Hypotrophy is a chronic nutritional disorder in a child, which is characterized by an energy and / or qualitative lack of nutrients, which leads to a lack of body weight of the baby, impaired physical and intellectual development, pathological changes in all organs and systems. The disease affects mainly children under 3 years of age. In different countries, the frequency of malnutrition varies from 2 to 30%, depending on the economic and social development of the country.

There are two types of malnutrition:

  • congenital;
  • acquired.

Congenital or intrauterine malnutrition is a malnutrition that occurs even in the period of intrauterine development of the child.

The main causes of congenital fetal malnutrition:

  • insufficiency of uteroplacental circulation;
  • chronic fetal hypoxia;
  • chromosomal and genomic mutations;
  • pathology of pregnancy;
  • constitutional features of the mother's body (small stature, body weight, age);
  • mother's bad habits;
  • malnutrition in pregnant women.

Acquired malnutrition is a chronic eating disorder of a child, which is characterized by a slowdown or cessation of the growth of the baby's body weight, a violation of normal body proportions, thinning and disappearance of subcutaneous fatty tissue, a violation of the digestive processes, a decrease in the body's resistance to infections, a predisposition to various diseases and a delay in neuropsychic development . It is this type of malnutrition that occurs most often and brings a lot of grief to young parents, therefore, further we will talk about this violation.

Physiological weight loss in newborns

Before you panic due to the fact that the child stopped gaining weight after birth or lost several hundred grams, you need to be aware of such a phenomenon as physiological weight loss in newborns.

It occurs in all babies, regardless of what weight was at birth. The mechanism of this phenomenon is as follows. Before birth, all metabolic processes in the body of the fetus are strongly activated, which provides it with the necessary energy during childbirth and in the first hours of independent life. Also, in the first days of a baby’s life, his body loses more fluid than it consumes (with breathing, feces, evaporation through the skin).

The newborn loses weight until about the 4th day of life, from the 5th day the baby should begin to gain weight again and by the 7-10-14th day his weight should again be the same as at birth, if this does not happen, then you need to look for the cause (such a phenomenon already considered pathological and requires intervention). The rate of weight loss is up to 7% of the original, if more, then this is already a pathology.

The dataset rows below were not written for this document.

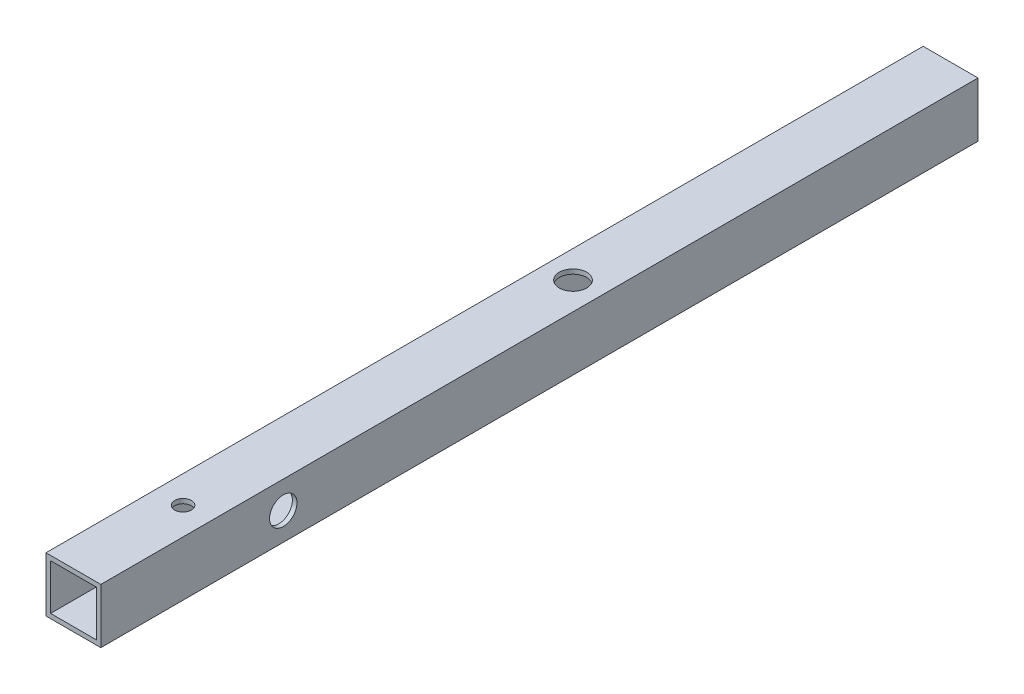
ISO-10303-21;
HEADER;
FILE_DESCRIPTION(('STEP AP214'),'2;1');
FILE_NAME('part.step','',(''),(''),'','','');
FILE_SCHEMA(('AUTOMOTIVE_DESIGN { 1 0 10303 214 1 1 1 1 }'));
ENDSEC;
DATA;
#1=APPLICATION_CONTEXT('core data for automotive mechanical design processes');
#2=APPLICATION_PROTOCOL_DEFINITION('international standard','automotive_design',2000,#1);
#3=PRODUCT_CONTEXT('',#1,'mechanical');
#4=PRODUCT('Part','Part','',(#3));
#5=PRODUCT_RELATED_PRODUCT_CATEGORY('part','',(#4));
#6=PRODUCT_DEFINITION_FORMATION('','',#4);
#7=PRODUCT_DEFINITION_CONTEXT('part definition',#1,'design');
#8=PRODUCT_DEFINITION('design','',#6,#7);
#9=PRODUCT_DEFINITION_SHAPE('','',#8);
#10=(LENGTH_UNIT() NAMED_UNIT(*) SI_UNIT(.MILLI.,.METRE.));
#11=(NAMED_UNIT(*) PLANE_ANGLE_UNIT() SI_UNIT($,.RADIAN.));
#12=(NAMED_UNIT(*) SI_UNIT($,.STERADIAN.) SOLID_ANGLE_UNIT());
#13=UNCERTAINTY_MEASURE_WITH_UNIT(LENGTH_MEASURE(1.E-05),#10,'distance_accuracy_value','');
#14=(GEOMETRIC_REPRESENTATION_CONTEXT(3) GLOBAL_UNCERTAINTY_ASSIGNED_CONTEXT((#13)) GLOBAL_UNIT_ASSIGNED_CONTEXT((#10,
#11,#12)) REPRESENTATION_CONTEXT('',''));
#15=CARTESIAN_POINT('',(0.,0.,0.));
#16=DIRECTION('',(0.,0.,1.));
#17=DIRECTION('',(1.,0.,0.));
#18=AXIS2_PLACEMENT_3D('',#15,#16,#17);
#19=CARTESIAN_POINT('',(0.,0.,152.4));
#20=DIRECTION('',(0.,0.,1.));
#21=DIRECTION('',(1.,0.,0.));
#22=AXIS2_PLACEMENT_3D('',#19,#20,#21);
#23=PLANE('',#22);
#24=DIRECTION('',(1.,0.,0.));
#25=VECTOR('',#24,1.);
#26=CARTESIAN_POINT('',(9.525,-9.525,152.4));
#27=LINE('',#26,#25);
#28=CARTESIAN_POINT('',(-9.525,-9.525,152.4));
#29=VERTEX_POINT('',#28);
#30=CARTESIAN_POINT('',(9.525,-9.525,152.4));
#31=VERTEX_POINT('',#30);
#32=EDGE_CURVE('E139',#29,#31,#27,.T.);
#33=ORIENTED_EDGE('',*,*,#32,.T.);
#34=DIRECTION('',(0.,1.,0.));
#35=VECTOR('',#34,1.);
#36=CARTESIAN_POINT('',(9.525,9.525,152.4));
#37=LINE('',#36,#35);
#38=CARTESIAN_POINT('',(9.525,9.525,152.4));
#39=VERTEX_POINT('',#38);
#40=EDGE_CURVE('E142',#31,#39,#37,.T.);
#41=ORIENTED_EDGE('',*,*,#40,.T.);
#42=DIRECTION('',(-1.,0.,0.));
#43=VECTOR('',#42,1.);
#44=CARTESIAN_POINT('',(9.525,9.525,152.4));
#45=LINE('',#44,#43);
#46=CARTESIAN_POINT('',(-9.525,9.525,152.4));
#47=VERTEX_POINT('',#46);
#48=EDGE_CURVE('E145',#39,#47,#45,.T.);
#49=ORIENTED_EDGE('',*,*,#48,.T.);
#50=DIRECTION('',(0.,-1.,0.));
#51=VECTOR('',#50,1.);
#52=CARTESIAN_POINT('',(-9.525,9.525,152.4));
#53=LINE('',#52,#51);
#54=EDGE_CURVE('E147',#47,#29,#53,.T.);
#55=ORIENTED_EDGE('',*,*,#54,.T.);
#56=EDGE_LOOP('',(#33,#41,#49,#55));
#57=FACE_BOUND('',#56,.T.);
#58=DIRECTION('',(0.,1.,0.));
#59=VECTOR('',#58,1.);
#60=CARTESIAN_POINT('',(7.9375,7.9375,152.4));
#61=LINE('',#60,#59);
#62=CARTESIAN_POINT('',(7.9375,-7.9375,152.4));
#63=VERTEX_POINT('',#62);
#64=CARTESIAN_POINT('',(7.9375,7.9375,152.4));
#65=VERTEX_POINT('',#64);
#66=EDGE_CURVE('E109',#63,#65,#61,.T.);
#67=ORIENTED_EDGE('',*,*,#66,.F.);
#68=DIRECTION('',(1.,0.,0.));
#69=VECTOR('',#68,1.);
#70=CARTESIAN_POINT('',(7.9375,-7.9375,152.4));
#71=LINE('',#70,#69);
#72=CARTESIAN_POINT('',(-7.9375,-7.9375,152.4));
#73=VERTEX_POINT('',#72);
#74=EDGE_CURVE('E101',#73,#63,#71,.T.);
#75=ORIENTED_EDGE('',*,*,#74,.F.);
#76=DIRECTION('',(0.,-1.,0.));
#77=VECTOR('',#76,1.);
#78=CARTESIAN_POINT('',(-7.9375,7.9375,152.4));
#79=LINE('',#78,#77);
#80=CARTESIAN_POINT('',(-7.9375,7.9375,152.4));
#81=VERTEX_POINT('',#80);
#82=EDGE_CURVE('E123',#81,#73,#79,.T.);
#83=ORIENTED_EDGE('',*,*,#82,.F.);
#84=DIRECTION('',(-1.,0.,0.));
#85=VECTOR('',#84,1.);
#86=CARTESIAN_POINT('',(7.9375,7.9375,152.4));
#87=LINE('',#86,#85);
#88=EDGE_CURVE('E121',#65,#81,#87,.T.);
#89=ORIENTED_EDGE('',*,*,#88,.F.);
#90=EDGE_LOOP('',(#67,#75,#83,#89));
#91=FACE_BOUND('',#90,.T.);
#92=ADVANCED_FACE('F35',(#57,#91),#23,.T.);
#93=CARTESIAN_POINT('',(0.,0.,-152.4));
#94=DIRECTION('',(0.,0.,1.));
#95=DIRECTION('',(1.,0.,0.));
#96=AXIS2_PLACEMENT_3D('',#93,#94,#95);
#97=PLANE('',#96);
#98=DIRECTION('',(1.,0.,0.));
#99=VECTOR('',#98,1.);
#100=CARTESIAN_POINT('',(9.525,-9.525,-152.4));
#101=LINE('',#100,#99);
#102=CARTESIAN_POINT('',(-9.525,-9.525,-152.4));
#103=VERTEX_POINT('',#102);
#104=CARTESIAN_POINT('',(9.525,-9.525,-152.4));
#105=VERTEX_POINT('',#104);
#106=EDGE_CURVE('E117',#103,#105,#101,.T.);
#107=ORIENTED_EDGE('',*,*,#106,.F.);
#108=DIRECTION('',(0.,-1.,0.));
#109=VECTOR('',#108,1.);
#110=CARTESIAN_POINT('',(-9.525,9.525,-152.4));
#111=LINE('',#110,#109);
#112=CARTESIAN_POINT('',(-9.525,9.525,-152.4));
#113=VERTEX_POINT('',#112);
#114=EDGE_CURVE('E143',#113,#103,#111,.T.);
#115=ORIENTED_EDGE('',*,*,#114,.F.);
#116=DIRECTION('',(-1.,0.,0.));
#117=VECTOR('',#116,1.);
#118=CARTESIAN_POINT('',(9.525,9.525,-152.4));
#119=LINE('',#118,#117);
#120=CARTESIAN_POINT('',(9.525,9.525,-152.4));
#121=VERTEX_POINT('',#120);
#122=EDGE_CURVE('E154',#121,#113,#119,.T.);
#123=ORIENTED_EDGE('',*,*,#122,.F.);
#124=DIRECTION('',(0.,1.,0.));
#125=VECTOR('',#124,1.);
#126=CARTESIAN_POINT('',(9.525,9.525,-152.4));
#127=LINE('',#126,#125);
#128=EDGE_CURVE('E152',#105,#121,#127,.T.);
#129=ORIENTED_EDGE('',*,*,#128,.F.);
#130=EDGE_LOOP('',(#107,#115,#123,#129));
#131=FACE_BOUND('',#130,.T.);
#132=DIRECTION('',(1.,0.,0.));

Proper care of the child, early breastfeeding, sufficient fluid intake in the child's body, prevents greater weight loss. If physiological weight loss has not occurred, then it is necessary to think about possible reasons. Most often this is due to congenital disorders of the excretory system, due to which fluid accumulates in the child's body.

Etiology of acquired malnutrition

There are many reasons for acquired malnutrition and it is not always possible to establish why the child is not gaining weight.

The main causes of acquired malnutrition:

  • nutritional factors (quantitative or qualitative malnutrition of the infant, violation of the feeding regime, the use of low-energy formulas for feeding);
  • diseases of the child's digestive tract;
  • chronic and acute infectious diseases (pneumonia, SARS, sepsis, intestinal infections, etc.);
  • poor child care;
  • hereditary diseases;
  • congenital malformations;
  • anomalies of the constitution (diathesis);
  • neuroendocrine diseases.

Clinical signs and degrees of malnutrition

The clinical picture of the disorder is dominated by 4 main syndromes.

1. Syndrome of trophic disorders.

It includes such signs as a lack of mass and / or body length for the child's age, various violations of body proportions, gradual thinning and disappearance of subcutaneous fatty tissue, the skin becomes dry, inelastic, and the child's muscles become thinner over time.

2. Syndrome of violation of the state of the central nervous system.

It includes violations of the emotional state (the child cries all the time) and reflex activity (all reflexes weaken). The baby sucks poorly or refuses to breastfeed at all, the muscle tone is reduced, the child moves little, does not roll over, does not hold his head well, etc. The baby’s sleep is disturbed, he does not keep a stable body temperature well.

3. Syndrome of reduced food tolerance.

Over time, the child's appetite decreases until the development of anorexia, he refuses to breastfeed. Disorders of the digestive tract develop (regurgitation, unstable stool, vomiting).

4. Syndrome of reducing the body's resistance (immunological reactivity).

The child becomes prone to frequent inflammatory and infectious diseases.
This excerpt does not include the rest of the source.